(INPUT begins)

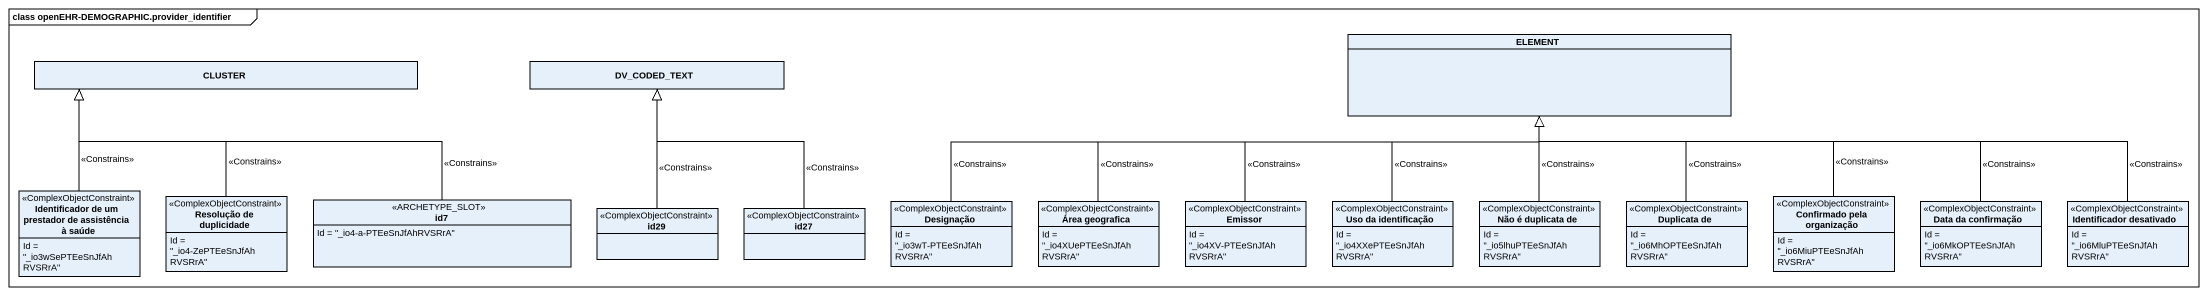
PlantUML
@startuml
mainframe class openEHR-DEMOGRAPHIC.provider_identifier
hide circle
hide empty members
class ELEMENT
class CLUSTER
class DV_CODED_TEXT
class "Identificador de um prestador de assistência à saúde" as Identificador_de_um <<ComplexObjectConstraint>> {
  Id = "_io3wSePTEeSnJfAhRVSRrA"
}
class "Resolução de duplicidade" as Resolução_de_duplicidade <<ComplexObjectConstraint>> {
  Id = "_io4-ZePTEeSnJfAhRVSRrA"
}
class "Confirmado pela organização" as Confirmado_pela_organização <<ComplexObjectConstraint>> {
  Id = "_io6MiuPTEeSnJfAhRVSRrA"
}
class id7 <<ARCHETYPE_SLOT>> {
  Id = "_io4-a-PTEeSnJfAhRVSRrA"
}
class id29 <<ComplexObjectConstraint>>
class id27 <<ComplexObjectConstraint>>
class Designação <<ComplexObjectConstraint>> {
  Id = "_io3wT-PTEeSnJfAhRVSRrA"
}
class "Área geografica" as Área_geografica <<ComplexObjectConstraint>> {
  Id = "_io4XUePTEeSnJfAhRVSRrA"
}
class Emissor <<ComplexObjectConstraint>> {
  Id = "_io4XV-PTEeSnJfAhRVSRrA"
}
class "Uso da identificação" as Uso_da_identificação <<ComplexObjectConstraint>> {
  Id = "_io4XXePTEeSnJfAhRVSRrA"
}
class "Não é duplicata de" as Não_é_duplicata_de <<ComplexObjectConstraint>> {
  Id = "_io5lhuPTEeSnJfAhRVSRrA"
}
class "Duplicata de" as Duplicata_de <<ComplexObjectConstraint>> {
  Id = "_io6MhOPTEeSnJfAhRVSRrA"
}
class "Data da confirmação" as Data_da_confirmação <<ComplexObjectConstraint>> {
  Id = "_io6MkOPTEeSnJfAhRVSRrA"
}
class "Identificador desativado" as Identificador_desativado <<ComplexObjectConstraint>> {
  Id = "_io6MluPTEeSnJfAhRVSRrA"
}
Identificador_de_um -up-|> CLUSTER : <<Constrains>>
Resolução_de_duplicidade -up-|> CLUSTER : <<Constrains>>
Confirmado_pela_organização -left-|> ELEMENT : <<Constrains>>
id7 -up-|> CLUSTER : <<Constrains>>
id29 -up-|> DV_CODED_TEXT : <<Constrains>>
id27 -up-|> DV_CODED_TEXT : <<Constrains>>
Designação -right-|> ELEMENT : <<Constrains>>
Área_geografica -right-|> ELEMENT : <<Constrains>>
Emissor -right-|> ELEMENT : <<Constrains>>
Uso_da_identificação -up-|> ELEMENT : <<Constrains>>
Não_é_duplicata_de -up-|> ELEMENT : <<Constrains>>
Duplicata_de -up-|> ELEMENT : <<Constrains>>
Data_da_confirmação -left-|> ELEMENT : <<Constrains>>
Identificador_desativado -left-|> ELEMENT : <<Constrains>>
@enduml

(INPUT ends)

Would you output, from the records above, exactly the run of lines that starts at the line containing "Designação -right-|> ELEMENT : <<Constrains>>" and ends at the line containing "Data_da_confirmação -left-|> ELEMENT", and only that run?

■ ANSWER BOX:
Designação -right-|> ELEMENT : <<Constrains>>
Área_geografica -right-|> ELEMENT : <<Constrains>>
Emissor -right-|> ELEMENT : <<Constrains>>
Uso_da_identificação -up-|> ELEMENT : <<Constrains>>
Não_é_duplicata_de -up-|> ELEMENT : <<Constrains>>
Duplicata_de -up-|> ELEMENT : <<Constrains>>
Data_da_confirmação -left-|> ELEMENT : <<Constrains>>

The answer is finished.